**DIRECTIONS**
Repeat the records below exactly as they appear, leaving out any pictures.

[SOURCE MATERIAL — start]

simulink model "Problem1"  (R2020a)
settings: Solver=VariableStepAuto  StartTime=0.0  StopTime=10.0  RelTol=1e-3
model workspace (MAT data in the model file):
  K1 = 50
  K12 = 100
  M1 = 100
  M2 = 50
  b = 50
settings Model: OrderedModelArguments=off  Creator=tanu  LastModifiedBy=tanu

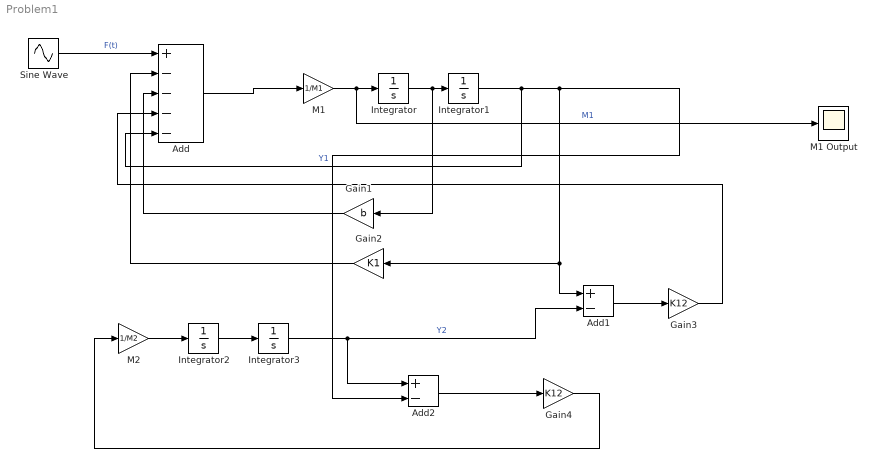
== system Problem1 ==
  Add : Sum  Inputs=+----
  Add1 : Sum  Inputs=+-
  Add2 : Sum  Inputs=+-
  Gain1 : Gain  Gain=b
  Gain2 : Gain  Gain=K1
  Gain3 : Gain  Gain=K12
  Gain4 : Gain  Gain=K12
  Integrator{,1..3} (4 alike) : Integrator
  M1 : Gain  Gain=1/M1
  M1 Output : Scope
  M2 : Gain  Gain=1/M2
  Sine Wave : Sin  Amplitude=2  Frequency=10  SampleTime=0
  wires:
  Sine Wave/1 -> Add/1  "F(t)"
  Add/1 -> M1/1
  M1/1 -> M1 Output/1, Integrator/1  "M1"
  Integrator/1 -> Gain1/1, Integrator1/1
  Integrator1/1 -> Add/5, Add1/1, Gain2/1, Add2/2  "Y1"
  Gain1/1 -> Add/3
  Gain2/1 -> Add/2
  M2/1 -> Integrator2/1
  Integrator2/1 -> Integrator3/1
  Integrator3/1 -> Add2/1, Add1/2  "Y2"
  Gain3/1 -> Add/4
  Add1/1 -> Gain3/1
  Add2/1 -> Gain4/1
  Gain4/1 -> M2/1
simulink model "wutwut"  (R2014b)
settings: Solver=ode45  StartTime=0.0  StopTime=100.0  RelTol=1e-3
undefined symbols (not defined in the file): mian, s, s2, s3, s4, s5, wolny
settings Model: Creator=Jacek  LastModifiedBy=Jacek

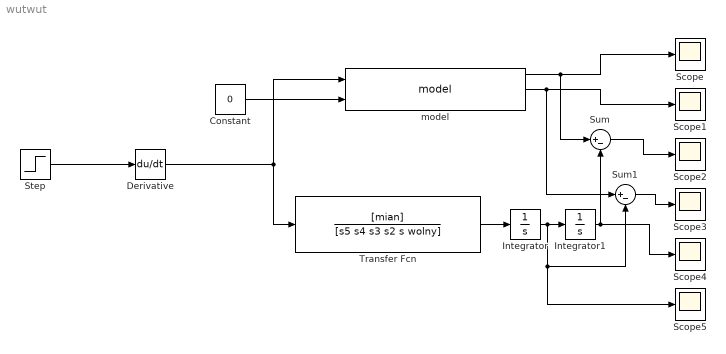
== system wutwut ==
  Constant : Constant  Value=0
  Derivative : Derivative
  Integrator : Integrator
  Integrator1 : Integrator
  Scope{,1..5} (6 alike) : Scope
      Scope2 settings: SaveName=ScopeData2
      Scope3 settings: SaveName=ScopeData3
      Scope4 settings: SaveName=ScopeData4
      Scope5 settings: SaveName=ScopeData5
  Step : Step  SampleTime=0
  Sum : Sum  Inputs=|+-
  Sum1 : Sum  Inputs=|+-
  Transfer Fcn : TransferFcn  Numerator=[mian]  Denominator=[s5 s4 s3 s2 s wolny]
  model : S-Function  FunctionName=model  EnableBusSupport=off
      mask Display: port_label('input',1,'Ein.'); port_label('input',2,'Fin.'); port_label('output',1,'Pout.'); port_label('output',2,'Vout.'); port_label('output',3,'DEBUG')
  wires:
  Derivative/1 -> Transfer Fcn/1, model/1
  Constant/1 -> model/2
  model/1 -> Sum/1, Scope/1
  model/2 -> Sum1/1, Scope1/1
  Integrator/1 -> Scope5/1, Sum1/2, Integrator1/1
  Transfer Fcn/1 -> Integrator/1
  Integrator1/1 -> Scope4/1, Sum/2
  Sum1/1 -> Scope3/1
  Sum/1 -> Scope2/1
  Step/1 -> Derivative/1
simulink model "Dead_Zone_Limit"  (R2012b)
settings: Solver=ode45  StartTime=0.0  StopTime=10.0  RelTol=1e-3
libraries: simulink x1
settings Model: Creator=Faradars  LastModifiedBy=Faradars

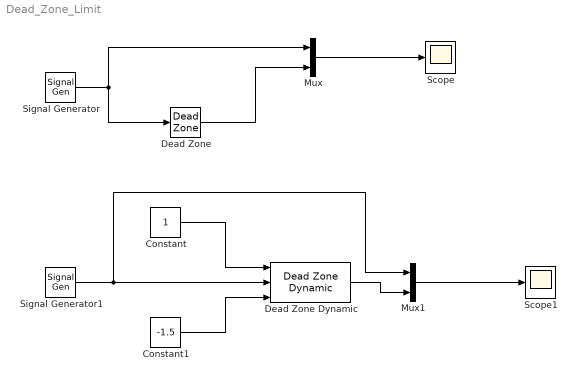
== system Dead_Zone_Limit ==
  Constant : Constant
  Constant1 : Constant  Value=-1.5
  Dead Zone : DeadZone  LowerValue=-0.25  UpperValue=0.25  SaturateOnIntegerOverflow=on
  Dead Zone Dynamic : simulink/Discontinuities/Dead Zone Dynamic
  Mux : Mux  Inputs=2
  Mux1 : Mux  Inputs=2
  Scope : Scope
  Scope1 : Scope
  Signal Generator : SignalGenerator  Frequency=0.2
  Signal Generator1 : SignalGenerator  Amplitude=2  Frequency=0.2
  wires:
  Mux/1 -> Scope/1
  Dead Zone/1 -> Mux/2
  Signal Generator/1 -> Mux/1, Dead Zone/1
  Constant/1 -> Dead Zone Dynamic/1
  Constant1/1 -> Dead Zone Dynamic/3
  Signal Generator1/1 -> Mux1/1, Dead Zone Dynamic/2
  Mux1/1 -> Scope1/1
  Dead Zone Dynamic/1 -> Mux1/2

[SOURCE MATERIAL — finish]

**SOLVED PROBLEM**
simulink model "Problem1"  (R2020a)
settings: Solver=VariableStepAuto  StartTime=0.0  StopTime=10.0  RelTol=1e-3
model workspace (MAT data in the model file):
  K1 = 50
  K12 = 100
  M1 = 100
  M2 = 50
  b = 50
settings Model: OrderedModelArguments=off  Creator=tanu  LastModifiedBy=tanu

== system Problem1 ==
  Add : Sum  Inputs=+----
  Add1 : Sum  Inputs=+-
  Add2 : Sum  Inputs=+-
  Gain1 : Gain  Gain=b
  Gain2 : Gain  Gain=K1
  Gain3 : Gain  Gain=K12
  Gain4 : Gain  Gain=K12
  Integrator{,1..3} (4 alike) : Integrator
  M1 : Gain  Gain=1/M1
  M1 Output : Scope
  M2 : Gain  Gain=1/M2
  Sine Wave : Sin  Amplitude=2  Frequency=10  SampleTime=0
  wires:
  Sine Wave/1 -> Add/1  "F(t)"
  Add/1 -> M1/1
  M1/1 -> M1 Output/1, Integrator/1  "M1"
  Integrator/1 -> Gain1/1, Integrator1/1
  Integrator1/1 -> Add/5, Add1/1, Gain2/1, Add2/2  "Y1"
  Gain1/1 -> Add/3
  Gain2/1 -> Add/2
  M2/1 -> Integrator2/1
  Integrator2/1 -> Integrator3/1
  Integrator3/1 -> Add2/1, Add1/2  "Y2"
  Gain3/1 -> Add/4
  Add1/1 -> Gain3/1
  Add2/1 -> Gain4/1
  Gain4/1 -> M2/1
simulink model "wutwut"  (R2014b)
settings: Solver=ode45  StartTime=0.0  StopTime=100.0  RelTol=1e-3
undefined symbols (not defined in the file): mian, s, s2, s3, s4, s5, wolny
settings Model: Creator=Jacek  LastModifiedBy=Jacek

== system wutwut ==
  Constant : Constant  Value=0
  Derivative : Derivative
  Integrator : Integrator
  Integrator1 : Integrator
  Scope{,1..5} (6 alike) : Scope
      Scope2 settings: SaveName=ScopeData2
      Scope3 settings: SaveName=ScopeData3
      Scope4 settings: SaveName=ScopeData4
      Scope5 settings: SaveName=ScopeData5
  Step : Step  SampleTime=0
  Sum : Sum  Inputs=|+-
  Sum1 : Sum  Inputs=|+-
  Transfer Fcn : TransferFcn  Numerator=[mian]  Denominator=[s5 s4 s3 s2 s wolny]
  model : S-Function  FunctionName=model  EnableBusSupport=off
      mask Display: port_label('input',1,'Ein.'); port_label('input',2,'Fin.'); port_label('output',1,'Pout.'); port_label('output',2,'Vout.'); port_label('output',3,'DEBUG')
  wires:
  Derivative/1 -> Transfer Fcn/1, model/1
  Constant/1 -> model/2
  model/1 -> Sum/1, Scope/1
  model/2 -> Sum1/1, Scope1/1
  Integrator/1 -> Scope5/1, Sum1/2, Integrator1/1
  Transfer Fcn/1 -> Integrator/1
  Integrator1/1 -> Scope4/1, Sum/2
  Sum1/1 -> Scope3/1
  Sum/1 -> Scope2/1
  Step/1 -> Derivative/1
simulink model "Dead_Zone_Limit"  (R2012b)
settings: Solver=ode45  StartTime=0.0  StopTime=10.0  RelTol=1e-3
libraries: simulink x1
settings Model: Creator=Faradars  LastModifiedBy=Faradars

== system Dead_Zone_Limit ==
  Constant : Constant
  Constant1 : Constant  Value=-1.5
  Dead Zone : DeadZone  LowerValue=-0.25  UpperValue=0.25  SaturateOnIntegerOverflow=on
  Dead Zone Dynamic : simulink/Discontinuities/Dead Zone Dynamic
  Mux : Mux  Inputs=2
  Mux1 : Mux  Inputs=2
  Scope : Scope
  Scope1 : Scope
  Signal Generator : SignalGenerator  Frequency=0.2
  Signal Generator1 : SignalGenerator  Amplitude=2  Frequency=0.2
  wires:
  Mux/1 -> Scope/1
  Dead Zone/1 -> Mux/2
  Signal Generator/1 -> Mux/1, Dead Zone/1
  Constant/1 -> Dead Zone Dynamic/1
  Constant1/1 -> Dead Zone Dynamic/3
  Signal Generator1/1 -> Mux1/1, Dead Zone Dynamic/2
  Mux1/1 -> Scope1/1
  Dead Zone Dynamic/1 -> Mux1/2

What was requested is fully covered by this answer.